# Types of temporary work visas (2-5 years)



## G.Mac. (Oct 23, 2012)

Hi everyone!

I'm a relatively new member and have contributed a few posts on the Portugal forum; to be brief, I'm originally from Brazil and live and work in the UK (Manchester). I came here originally in 2007 to study Marketing and graduated summer '10, and have been working for a large US financial services firm for the past 18 months (business area is Investment Services).

I've lived in 9 countries and have been here in the UK for 5 years now, never had a chance to live in North America but it's a place that interests me.

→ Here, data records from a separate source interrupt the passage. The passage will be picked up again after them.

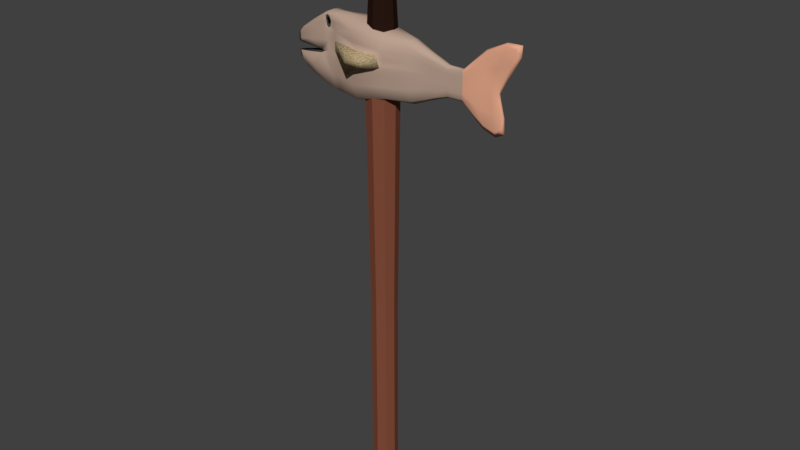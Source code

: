 # Source: palo_con_pescado.blend  (saved by Blender 2.79.0; exported with 4.5.12 LTS)
import bpy
from mathutils import Matrix  # noqa: F401  (used for matrix-valued properties, if any)

bpy.ops.wm.read_factory_settings(use_empty=True)
scene = bpy.context.scene
scene.name = 'Scene'

# ---- collections
col_collection_1 = bpy.data.collections.new('Collection 1'); scene.collection.children.link(col_collection_1)

# ---- materials (node trees are filled in below, after node groups)
mat_2345rwedsfc = bpy.data.materials.new('2345rwedsfc')
mat_2345rwedsfc.alpha_threshold = 0.0
mat_2345rwedsfc.use_transparent_shadow = False
mat_2345rwedsfc.diffuse_color = (0.5071, 0.3616, 0.2821, 1.0)
mat_2345rwedsfc.roughness = 0.5
mat_asdf46ytgdfb = bpy.data.materials.new('asdf46ytgdfb')
mat_asdf46ytgdfb.alpha_threshold = 0.0
mat_asdf46ytgdfb.use_transparent_shadow = False
mat_asdf46ytgdfb.diffuse_color = (0.8, 0.6301, 0.3675, 1.0)
mat_asdf46ytgdfb.roughness = 0.5
mat_7u5rdxq223dg = bpy.data.materials.new('7u5rdxq223dg')
mat_7u5rdxq223dg.alpha_threshold = 0.0
mat_7u5rdxq223dg.use_transparent_shadow = False
mat_7u5rdxq223dg.diffuse_color = (0.0, 0.0, 0.0, 1.0)
mat_7u5rdxq223dg.roughness = 0.5
mat_material_009ol7tygh6 = bpy.data.materials.new('Material.009ol7tygh6')
mat_material_009ol7tygh6.alpha_threshold = 0.0
mat_material_009ol7tygh6.use_transparent_shadow = False
mat_material_009ol7tygh6.diffuse_color = (0.0578, 0.0578, 0.0578, 1.0)
mat_material_009ol7tygh6.roughness = 0.5
mat_234eesdvjdsad = bpy.data.materials.new('234eesdvjdsaD')
mat_234eesdvjdsad.alpha_threshold = 0.0
mat_234eesdvjdsad.use_transparent_shadow = False
mat_234eesdvjdsad.diffuse_color = (0.8, 0.3994, 0.2602, 1.0)
mat_234eesdvjdsad.roughness = 0.5
mat_124rsdxc = bpy.data.materials.new('124rsdxc')
mat_124rsdxc.alpha_threshold = 0.0
mat_124rsdxc.use_transparent_shadow = False
mat_124rsdxc.diffuse_color = (0.227, 0.07421, 0.04231, 1.0)
mat_124rsdxc.roughness = 0.5
mat_3453wasdfxcz = bpy.data.materials.new('3453wasdfxcz')
mat_3453wasdfxcz.alpha_threshold = 0.0
mat_3453wasdfxcz.use_transparent_shadow = False
mat_3453wasdfxcz.diffuse_color = (0.02365, 0.009692, 0.006398, 1.0)
mat_3453wasdfxcz.roughness = 0.5
mat_3tesdf1edhg = bpy.data.materials.new('3tesdf1edhg')
mat_3tesdf1edhg.alpha_threshold = 0.0
mat_3tesdf1edhg.use_transparent_shadow = False
mat_3tesdf1edhg.diffuse_color = (0.0, 0.0, 0.0, 1.0)
mat_3tesdf1edhg.roughness = 0.5

# ---- material node trees

# ---- world
world_world = bpy.data.worlds.new('World'); scene.world = world_world
world_world.color = (0.05088, 0.05088, 0.05088)
world_world.use_sun_shadow = False
world_world.sun_shadow_jitter_overblur = 0.0
world_world.cycles.sampling_method = 'MANUAL'

# ---- meshes
me_cube_001 = bpy.data.meshes.new('Cube.001')
me_cube_001.from_pydata([(-0.1981, 0.2062, 5.376), (0.4365, -0.01382, 5.375), (-0.6117, -0.1035, 5.377), (-0.1981, -0.01423, 4.587), (-0.645, -0.01382, 5.48), (0.8662, -0.05336, 4.949), (0.4365, 0.06628, 5.295), (0.4365, -0.09393, 4.863), (0.4365, -0.01382, 4.692), (1.189, -0.01382, 4.724), (0.8662, -0.01382, 4.865), (0.8662, -0.01382, 5.202), (0.8662, 0.02572, 5.163), (1.525, -0.00172, 5.557), (1.189, -0.01382, 5.343), (1.189, 0.009872, 5.27), (1.188, -0.03749, 4.879), (1.67, 0.01909, 5.437), (1.453, 0.0388, 5.377), (1.393, -0.01935, 4.811), (1.427, -0.0003401, 4.587), (1.361, -0.01696, 5.046), (1.393, 0.02188, 4.812), (1.518, 0.003534, 4.806), (1.188, -0.03747, 5.04), (1.188, 0.009882, 4.879), (0.8662, 0.02572, 4.949), (0.4365, -0.09393, 5.042), (0.4365, 0.06628, 4.863), (0.8662, -0.05336, 5.038), (-0.6136, -0.1113, 4.805), (-0.1981, 0.2062, 4.81), (-0.9267, -0.01382, 5.326), (-1.165, -0.01382, 5.139), (-0.6148, 0.09826, 4.812), (-0.9267, -0.0824, 5.258), (-0.1919, -0.2328, 5.041), (-0.9267, 0.05475, 5.118), (-0.645, 0.091, 5.044), (0.8662, -0.05336, 5.083), (0.4365, -0.09393, 5.133), (1.188, -0.03748, 5.123), (1.388, -0.008357, 5.163), (1.361, 0.02423, 5.047), (1.455, 0.008237, 5.041), (1.188, 0.009902, 5.04), (0.8662, 0.02572, 5.038), (0.4365, 0.06628, 5.042), (-0.645, -0.1186, 5.044), (-0.1869, 0.2107, 5.047), (-0.1981, -0.2347, 4.81), (-0.1981, -0.01423, 5.48), (-0.5767, 0.0001368, 4.588), (-0.1981, -0.2347, 5.376), (-0.645, 0.07651, 5.301), (-0.645, 0.091, 5.163), (-0.1464, -0.2224, 5.176), (1.502, -0.02931, 5.458), (1.189, -0.0375, 5.27), (0.4365, -0.09393, 5.295), (0.8662, -0.05336, 5.163), (-0.9267, 0.05475, 5.258), (-0.9267, -0.0824, 5.118), (-1.165, -0.01382, 5.074), (1.388, 0.03254, 5.162), (1.509, 0.02517, 5.152), (1.188, 0.009891, 5.123), (0.8662, 0.02572, 5.083), (0.4365, 0.06628, 5.133), (-0.645, -0.1186, 5.163), (-0.1981, 0.2062, 5.163), (-0.6437, -0.08775, 5.377), (-0.6475, -0.1114, 5.447), (-0.6442, -0.1022, 5.299), (-0.6769, -0.1039, 5.376), (-0.6429, 0.06631, 5.375), (-0.6432, 0.08062, 5.45), (-0.612, 0.07938, 5.377), (-0.6745, 0.08036, 5.376), (-0.6741, -0.001113, 4.611), (-0.7451, -0.1055, 5.347), (-0.7372, -0.01382, 5.442), (-0.7089, 0.08853, 4.815), (-0.5865, 0.07706, 4.646), (-0.1981, 0.1511, 5.454), (0.1624, 0.1646, 4.858), (0.1624, -0.01514, 4.676), (0.1624, -0.01514, 5.405), (0.1624, -0.1948, 4.858), (-0.1981, -0.1796, 4.643), (-0.6476, -0.09227, 5.468), (0.6596, 0.04378, 4.911), (0.6596, -0.01382, 4.788), (0.6596, -0.01382, 5.279), (0.6596, -0.07143, 4.911), (0.4365, -0.0739, 5.355), (0.4365, 0.04626, 5.355), (0.4365, 0.04626, 4.735), (0.4365, -0.0739, 4.735), (1.046, 0.01383, 4.949), (1.046, -0.01382, 4.864), (1.046, -0.01382, 5.203), (1.046, -0.04147, 4.948), (0.8662, -0.04348, 4.886), (0.8662, -0.04348, 5.192), (0.8662, 0.01583, 4.886), (0.8662, 0.01583, 5.192), (1.272, 0.02018, 4.838), (1.281, -0.0008646, 4.636), (1.289, 0.007871, 5.442), (1.272, -0.02106, 4.838), (1.189, 0.003946, 4.763), (1.189, -0.03158, 4.763), (1.189, -0.03158, 5.325), (1.189, 0.003943, 5.325), (1.487, 0.01843, 4.808), (1.53, 0.0009782, 4.639), (1.689, 0.003521, 5.561), (1.487, -0.01249, 4.807), (1.52, -0.01865, 5.534), (1.502, 0.02277, 5.472), (1.419, 0.01552, 4.643), (1.419, -0.0154, 4.643), (-0.7078, -0.1029, 4.809), (-0.6886, 0.091, 5.044), (0.1508, 0.1798, 5.05), (0.1884, -0.2368, 5.068), (0.6596, 0.04378, 5.039), (0.6596, -0.07143, 5.039), (1.046, 0.01384, 5.037), (1.046, -0.04146, 5.037), (1.263, 0.02079, 5.05), (1.263, -0.02044, 5.05), (1.432, 0.02252, 5.043), (1.432, -0.00835, 5.042), (1.368, -0.01795, 4.982), (1.368, 0.02327, 4.983), (1.469, 0.006297, 4.977), (1.188, -0.03747, 4.996), (1.188, 0.009898, 4.996), (0.8662, 0.02572, 5.013), (0.4365, -0.09393, 4.993), (0.4365, 0.06628, 4.993), (0.8662, -0.05336, 5.013), (-0.645, -0.1186, 4.98), (-0.1981, 0.2062, 4.98), (-0.9267, 0.03761, 5.309), (-1.105, -0.04713, 5.169), (-1.105, -0.01382, 5.202), (-0.6457, 0.06079, 5.47), (-1.164, -0.01373, 4.941), (-0.9267, -0.06525, 5.309), (-0.929, -0.08201, 4.979), (-0.9299, 0.05508, 4.983), (-0.6886, -0.1186, 5.044), (-0.7372, 0.08194, 5.152), (0.1589, 0.1672, 5.142), (0.1748, -0.2344, 5.156), (0.6596, 0.04378, 5.105), (0.6596, -0.07143, 5.105), (1.046, 0.01383, 5.083), (1.046, -0.04146, 5.083), (1.27, 0.02285, 5.157), (1.27, -0.0183, 5.157), (1.478, 0.03715, 5.154), (1.479, 0.006651, 5.155), (-0.1981, 0.1511, 4.643), (-1.105, 0.01949, 5.085), (-0.9267, -0.0824, 5.048), (-0.9267, 0.05475, 5.048), (-1.165, -0.01382, 5.04), (0.8662, -0.05336, 5.051), (0.4365, -0.09393, 5.069), (1.188, -0.03747, 5.065), (1.369, -0.01442, 5.081), (1.369, 0.02668, 5.081), (1.471, 0.01323, 5.074), (1.188, 0.009899, 5.065), (0.8662, 0.02572, 5.051), (0.4365, 0.06628, 5.069), (-0.645, -0.1186, 5.079), (-0.1979, 0.2065, 5.076), (-0.5856, -0.08011, 4.641), (-0.1981, -0.1796, 5.454), (-0.1981, -0.2347, 4.98), (-0.645, 0.091, 4.98), (-0.1464, -0.2224, 5.066), (-0.645, 0.091, 5.079), (-0.5114, 0.091, 5.044), (-0.5176, -0.1178, 5.041), (-0.5114, 0.091, 4.81), (-0.5114, -0.1186, 4.81), (-0.5114, -0.01382, 5.48), (-0.5114, -0.01382, 4.587), (-0.5551, -0.1128, 5.176), (-0.5114, 0.091, 5.163), (-0.7372, -0.1096, 5.152), (-1.105, -0.04713, 5.085), (-0.745, 0.07832, 5.346), (0.1624, 0.1646, 5.32), (0.1624, -0.1948, 5.32), (0.6596, 0.04378, 5.222), (0.6596, -0.07143, 5.222), (1.046, 0.01383, 5.164), (1.046, -0.04147, 5.164), (1.283, 0.02654, 5.347), (1.283, -0.01448, 5.349), (1.628, 0.02696, 5.439), (1.628, -0.002887, 5.445), (-1.105, 0.01949, 5.169), (-0.5031, -0.1145, 5.376), (-0.5036, 0.08738, 5.376), (-0.645, 0.08738, 5.252), (-0.1981, -0.2347, 5.271), (1.412, -0.0006004, 5.268), (1.188, -0.03749, 5.197), (0.4365, -0.09393, 5.215), (0.8662, -0.05336, 5.123), (-0.9267, 0.05475, 5.189), (-0.9267, -0.0824, 5.189), (-1.165, -0.01382, 5.107), (1.412, 0.04003, 5.265), (1.622, 0.004113, 5.339), (1.188, 0.009881, 5.197), (0.8662, 0.02572, 5.123), (0.4365, 0.06628, 5.215), (-0.6448, -0.1145, 5.251), (-0.1981, 0.2062, 5.271), (-0.6629, -0.09361, 5.376), (-0.647, -0.1045, 5.414), (-0.625, -0.09303, 5.376), (-0.6436, -0.0899, 5.332), (-0.6225, -0.1122, 5.428), (-0.6197, -0.1022, 5.319), (-0.6712, -0.117, 5.428), (-0.6686, -0.1022, 5.319), (-0.6374, 0.08146, 5.415), (-0.6592, 0.07235, 5.375), (-0.6248, 0.07092, 5.376), (-0.645, 0.06565, 5.334), (-0.6685, 0.07651, 5.32), (-0.6214, 0.07651, 5.32), (-0.6166, 0.08464, 5.436), (-0.6629, 0.08901, 5.428), (-0.6822, -0.07442, 4.659), (-0.7182, -0.0949, 5.437), (-0.6831, 0.06916, 4.663), (-0.7182, 0.06756, 5.437), (0.1624, -0.1499, 4.722), (0.1624, -0.1499, 5.384), (0.1624, 0.1196, 4.722), (0.1624, 0.1196, 5.384), (0.6596, 0.02938, 5.265), (0.6596, 0.02938, 4.819), (0.6596, -0.05703, 4.819), (0.6596, -0.05703, 5.265), (1.046, 0.006914, 5.194), (1.046, 0.006915, 4.885), (1.046, -0.03456, 4.885), (1.046, -0.03456, 5.194), (1.288, 0.02278, 5.418), (1.279, 0.01471, 4.686), (1.279, -0.01622, 4.686), (1.288, -0.007956, 5.419), (1.613, 0.0234, 5.499), (1.489, 0.01274, 4.684), (1.489, -0.01017, 4.684), (1.613, 0.001225, 5.503), (-0.7533, -0.1091, 5.011), (-0.7544, 0.08237, 5.017), (0.1478, 0.1843, 4.998), (0.1654, -0.2068, 5.0), (0.6596, 0.04378, 5.004), (0.6596, -0.07143, 5.004), (1.046, 0.01383, 5.013), (1.046, -0.04146, 5.013), (1.265, 0.02054, 4.992), (1.265, -0.02069, 4.992), (1.443, 0.02084, 4.979), (1.443, -0.01006, 4.978), (-1.105, -0.04695, 4.95), (-1.059, -0.04387, 5.222), (-1.059, 0.01622, 5.222), (-1.106, 0.01963, 4.952), (-0.7481, -0.1096, 5.05), (-0.7481, 0.08194, 5.05), (0.1615, 0.1647, 5.077), (0.1925, -0.2346, 5.099), (0.6596, 0.04378, 5.059), (0.6596, -0.07143, 5.059), (1.046, 0.01383, 5.051), (1.046, -0.04146, 5.051), (1.265, 0.0214, 5.081), (1.265, -0.01981, 5.081), (1.445, 0.02684, 5.076), (1.445, -0.003923, 5.075), (-1.105, -0.04713, 5.042), (-1.105, 0.01949, 5.042), (-0.5114, 0.06479, 4.643), (-0.5453, 0.07191, 5.46), (-0.5114, -0.09244, 4.643), (-0.545, -0.09925, 5.461), (-0.5114, -0.1186, 4.98), (-0.5114, 0.091, 4.98), (-0.5551, -0.1128, 5.066), (-0.5114, 0.091, 5.079), (-0.7182, -0.1102, 5.261), (-1.105, -0.04713, 5.127), (-0.7182, 0.08288, 5.261), (0.1625, 0.1644, 5.234), (0.1741, -0.2498, 5.243), (0.6596, 0.04378, 5.164), (0.6596, -0.07143, 5.164), (1.046, 0.01383, 5.124), (1.046, -0.04147, 5.124), (1.277, 0.02471, 5.253), (1.277, -0.01637, 5.254), (1.569, 0.02515, 5.284), (1.586, -0.01615, 5.345), (-1.105, 0.01949, 5.127), (-0.545, -0.116, 5.274), (-0.553, 0.09088, 5.217), (-0.6594, -0.0931, 5.34), (-0.6622, -0.1105, 5.406), (-0.6311, -0.1074, 5.406), (-0.6281, -0.0931, 5.34), (-0.6506, 0.08761, 5.408), (-0.6217, 0.08488, 5.412), (-0.6597, 0.06846, 5.341), (-0.6302, 0.06846, 5.341), (-0.9045, -0.07766, 4.835), (-1.09, -0.04433, 4.863), (-0.8862, -0.05726, 4.728), (-1.153, -0.01168, 4.873), (-1.091, 0.02226, 4.865), (-1.079, -0.008923, 4.794), (-0.8804, -0.004768, 4.693), (-0.8868, 0.04555, 4.731), (-0.9053, 0.05943, 4.839), (-1.032, 0.0214, 4.795), (-1.032, -0.03866, 4.793), (0.1622, -0.3068, 5.222), (-0.2842, -0.2777, 5.181), (0.1713, -0.26, 5.093), (-0.2839, -0.2564, 4.901), (-0.1464, -0.2224, 5.176), (-0.1464, -0.2224, 5.066), (-0.5551, -0.1128, 5.176), (-0.5551, -0.1128, 5.066), (0.1622, -0.3068, 5.222), (-0.2842, -0.2777, 5.181), (0.1713, -0.26, 5.093), (-0.2839, -0.2564, 4.901), (-0.141, 0.1197, 5.14), (-0.1532, 0.1732, 5.032), (-0.5471, 0.08399, 5.186), (-0.5593, 0.09473, 5.078), (0.134, 0.1979, 5.137), (-0.3406, 0.2218, 5.141), (0.1066, 0.1983, 5.015), (-0.3652, 0.2273, 4.871)], [], [(0, 227, 321, 211), (0, 211, 299, 84), (0, 84, 251, 199), (0, 199, 309, 227), (1, 96, 251, 87), (1, 87, 249, 95), (1, 95, 255, 93), (1, 93, 252, 96), (2, 233, 320, 210), (2, 210, 301, 232), (2, 232, 324, 230), (2, 230, 325, 233), (3, 193, 298, 166), (3, 166, 250, 86), (3, 86, 248, 89), (3, 89, 300, 193), (4, 192, 299, 149), (4, 149, 247, 81), (4, 81, 245, 90), (4, 90, 301, 192), (5, 143, 273, 94), (5, 94, 254, 103), (5, 103, 258, 102), (5, 102, 275, 143), (6, 225, 309, 199), (6, 199, 251, 96), (6, 96, 252, 201), (6, 201, 311, 225), (7, 141, 271, 88), (7, 88, 248, 98), (7, 98, 254, 94), (7, 94, 273, 141), (8, 98, 248, 86), (8, 86, 250, 97), (8, 97, 253, 92), (8, 92, 254, 98), (9, 112, 258, 100), (9, 100, 257, 111), (9, 111, 261, 108), (9, 108, 262, 112), (10, 103, 254, 92), (10, 92, 253, 105), (10, 105, 257, 100), (10, 100, 258, 103), (11, 106, 252, 93), (11, 93, 255, 104), (11, 104, 259, 101), (11, 101, 256, 106), (12, 224, 311, 201), (12, 201, 252, 106), (12, 106, 256, 203), (12, 203, 313, 224), (13, 120, 260, 109), (13, 109, 263, 119), (13, 119, 267, 117), (13, 117, 264, 120), (14, 114, 256, 101), (14, 101, 259, 113), (14, 113, 263, 109), (14, 109, 260, 114), (15, 223, 313, 203), (15, 203, 256, 114), (15, 114, 260, 205), (15, 205, 315, 223), (16, 138, 275, 102), (16, 102, 258, 112), (16, 112, 262, 110), (16, 110, 277, 138), (17, 222, 317, 207), (17, 207, 264, 117), (17, 117, 267, 208), (17, 208, 318, 222), (18, 221, 315, 205), (18, 205, 260, 120), (18, 120, 264, 207), (18, 207, 317, 221), (19, 135, 277, 110), (19, 110, 262, 122), (19, 122, 266, 118), (19, 118, 279, 135), (20, 122, 262, 108), (20, 108, 261, 121), (20, 121, 265, 116), (20, 116, 266, 122), (21, 174, 293, 132), (21, 132, 277, 135), (21, 135, 279, 134), (21, 134, 295, 174), (22, 121, 261, 107), (22, 107, 276, 136), (22, 136, 278, 115), (22, 115, 265, 121), (23, 116, 265, 115), (23, 115, 278, 137), (23, 137, 279, 118), (23, 118, 266, 116), (24, 173, 291, 130), (24, 130, 275, 138), (24, 138, 277, 132), (24, 132, 293, 173), (25, 111, 257, 99), (25, 99, 274, 139), (25, 139, 276, 107), (25, 107, 261, 111), (26, 105, 253, 91), (26, 91, 272, 140), (26, 140, 274, 99), (26, 99, 257, 105), (27, 172, 287, 126), (27, 126, 271, 141), (27, 141, 273, 128), (27, 128, 289, 172), (28, 97, 250, 85), (28, 85, 270, 142), (28, 142, 272, 91), (28, 91, 253, 97), (29, 171, 289, 128), (29, 128, 273, 143), (29, 143, 275, 130), (29, 130, 291, 171), (30, 182, 300, 191), (30, 191, 302, 144), (30, 144, 268, 123), (30, 123, 244, 182), (31, 166, 298, 190), (31, 190, 303, 145), (31, 145, 270, 85), (31, 85, 250, 166), (32, 151, 245, 81), (32, 81, 247, 146), (32, 146, 282, 148), (32, 148, 281, 151), (33, 220, 307, 147), (33, 147, 281, 148), (33, 148, 282, 209), (33, 209, 319, 220), (34, 83, 246, 82), (34, 82, 269, 185), (34, 185, 303, 190), (34, 190, 298, 83), (35, 219, 306, 80), (35, 80, 245, 151), (35, 151, 281, 147), (35, 147, 307, 219), (36, 184, 271, 126), (36, 126, 287, 186), (36, 186, 304, 189), (36, 189, 302, 184), (37, 218, 308, 155), (37, 155, 285, 169), (37, 169, 297, 167), (37, 167, 319, 218), (38, 185, 269, 124), (38, 124, 285, 187), (38, 187, 305, 188), (38, 188, 303, 185), (39, 217, 312, 159), (39, 159, 289, 171), (39, 171, 291, 161), (39, 161, 314, 217), (40, 216, 310, 157), (40, 157, 287, 172), (40, 172, 289, 159), (40, 159, 312, 216), (41, 215, 314, 161), (41, 161, 291, 173), (41, 173, 293, 163), (41, 163, 316, 215), (42, 214, 316, 163), (42, 163, 293, 174), (42, 174, 295, 165), (42, 165, 318, 214), (43, 136, 276, 131), (43, 131, 292, 175), (43, 175, 294, 133), (43, 133, 278, 136), (44, 137, 278, 133), (44, 133, 294, 176), (44, 176, 295, 134), (44, 134, 279, 137), (45, 139, 274, 129), (45, 129, 290, 177), (45, 177, 292, 131), (45, 131, 276, 139), (46, 140, 272, 127), (46, 127, 288, 178), (46, 178, 290, 129), (46, 129, 274, 140), (47, 142, 270, 125), (47, 125, 286, 179), (47, 179, 288, 127), (47, 127, 272, 142), (48, 144, 302, 189), (48, 189, 304, 180), (48, 180, 284, 154), (48, 154, 268, 144), (49, 145, 303, 188), (49, 188, 305, 181), (49, 181, 286, 125), (49, 125, 270, 145), (50, 89, 248, 88), (50, 88, 271, 184), (50, 184, 302, 191), (50, 191, 300, 89), (51, 87, 251, 84), (51, 84, 299, 192), (51, 192, 301, 183), (51, 183, 249, 87), (52, 79, 246, 83), (52, 83, 298, 193), (52, 193, 300, 182), (52, 182, 244, 79), (53, 213, 310, 200), (53, 200, 249, 183), (53, 183, 301, 210), (53, 210, 320, 213), (54, 241, 321, 212), (54, 212, 308, 240), (54, 240, 328, 239), (54, 239, 329, 241), (55, 187, 285, 155), (55, 155, 308, 212), (55, 212, 321, 195), (55, 195, 305, 187), (56, 186, 287, 157), (56, 157, 310, 213), (56, 213, 320, 194), (194, 304, 344, 342), (57, 119, 263, 206), (57, 206, 316, 214), (57, 214, 318, 208), (57, 208, 267, 119), (58, 113, 259, 204), (58, 204, 314, 215), (58, 215, 316, 206), (58, 206, 263, 113), (59, 95, 249, 200), (59, 200, 310, 216), (59, 216, 312, 202), (59, 202, 255, 95), (60, 104, 255, 202), (60, 202, 312, 217), (60, 217, 314, 204), (60, 204, 259, 104), (61, 146, 247, 198), (61, 198, 308, 218), (61, 218, 319, 209), (61, 209, 282, 146), (62, 168, 284, 196), (62, 196, 306, 219), (62, 219, 307, 197), (62, 197, 296, 168), (63, 170, 296, 197), (63, 197, 307, 220), (63, 220, 319, 167), (63, 167, 297, 170), (64, 175, 292, 162), (64, 162, 315, 221), (64, 221, 317, 164), (64, 164, 294, 175), (65, 176, 294, 164), (65, 164, 317, 222), (65, 222, 318, 165), (65, 165, 295, 176), (66, 177, 290, 160), (66, 160, 313, 223), (66, 223, 315, 162), (66, 162, 292, 177), (67, 178, 288, 158), (67, 158, 311, 224), (67, 224, 313, 160), (67, 160, 290, 178), (68, 179, 286, 156), (68, 156, 309, 225), (68, 225, 311, 158), (68, 158, 288, 179), (69, 180, 304, 194), (69, 194, 320, 226), (69, 226, 306, 196), (69, 196, 284, 180), (70, 181, 305, 195), (70, 195, 321, 227), (70, 227, 309, 156), (70, 156, 286, 181), (71, 231, 325, 230), (71, 230, 324, 229), (71, 229, 323, 228), (71, 228, 322, 231), (72, 232, 301, 90), (72, 90, 245, 234), (72, 234, 323, 229), (72, 229, 324, 232), (73, 235, 306, 226), (73, 226, 320, 233), (73, 233, 325, 231), (73, 231, 322, 235), (74, 234, 245, 80), (74, 80, 306, 235), (74, 235, 322, 228), (74, 228, 323, 234), (75, 239, 328, 237), (75, 237, 326, 236), (75, 236, 327, 238), (75, 238, 329, 239), (76, 243, 247, 149), (76, 149, 299, 242), (76, 242, 327, 236), (76, 236, 326, 243), (77, 242, 299, 211), (77, 211, 321, 241), (77, 241, 329, 238), (77, 238, 327, 242), (78, 240, 308, 198), (78, 198, 247, 243), (78, 243, 326, 237), (78, 237, 328, 240), (330, 332, 244, 123), (330, 123, 268, 152), (330, 152, 280, 331), (330, 331, 340, 332), (333, 335, 340, 331), (333, 331, 280, 150), (333, 150, 283, 334), (333, 334, 339, 335), (336, 337, 246, 79), (336, 79, 244, 332), (336, 332, 340, 335), (336, 335, 339, 337), (338, 153, 269, 82), (338, 82, 246, 337), (338, 337, 339, 334), (338, 334, 283, 153), (285, 124, 154, 284, 168, 296, 170, 297, 169), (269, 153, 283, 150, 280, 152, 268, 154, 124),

So back on topic now! What possibilities are there of temporary work in Canada? As the title implies anything between 2-5 years. From what I have read it's all dependent on having a job offer from a Canadian employer and sponsorship correct? From what I have also read only UK citizens are eligible for the Working Holiday Visa program? (Note I'm not eligible for UK nationality as a student visa doesn't count toward 5 years). 

So I believe that leaves two possibilities - A) A company transfer? B) Searching/applying for jobs in Canada and hoping to impress enough for sponsorship (how realistic is that option?)

Thanks in advance for all responses.


----------



## Auld Yin (Mar 10, 2009)

G.Mac. said:


> Hi everyone!
> 
> I'm a relatively new member and have contributed a few posts on the Portugal forum; to be brief, I'm originally from Brazil and live and work in the UK (Manchester). I came here originally in 2007 to study Marketing and graduated summer '10, and have been working for a large US financial services firm for the past 18 months (business area is Investment Services).
> 
> ...


I'm sorry to say but it isn't too realistic. Getting into/working in Canada is becoming even more difficult. Your two possibilities are correct and sponsorship will be very difficult unless you have highly specialist skills.


----------



## G.Mac. (Oct 23, 2012)

Thanks Auld Yin I figured it might have been something along those lines. I'm also guessing even the skilled immigration route based on points (67 points I believe) is dependent on a job offer? 

And having mentioned it becoming more difficult has that been a growing trend in recent years and will continue or has it been quite sudden?


----------



## Auld Yin (Mar 10, 2009)

G.Mac. said:


> Thanks Auld Yin I figured it might have been something along those lines. I'm also guessing even the skilled immigration route based on points (67 points I believe) is dependent on a job offer?
> 
> And having mentioned it becoming more difficult has that been a growing trend in recent years and will continue or has it been quite sudden?


 It has been a growing trend in recent years but abuse of the Temporary Worker programme has caused even more tightening recently.


----------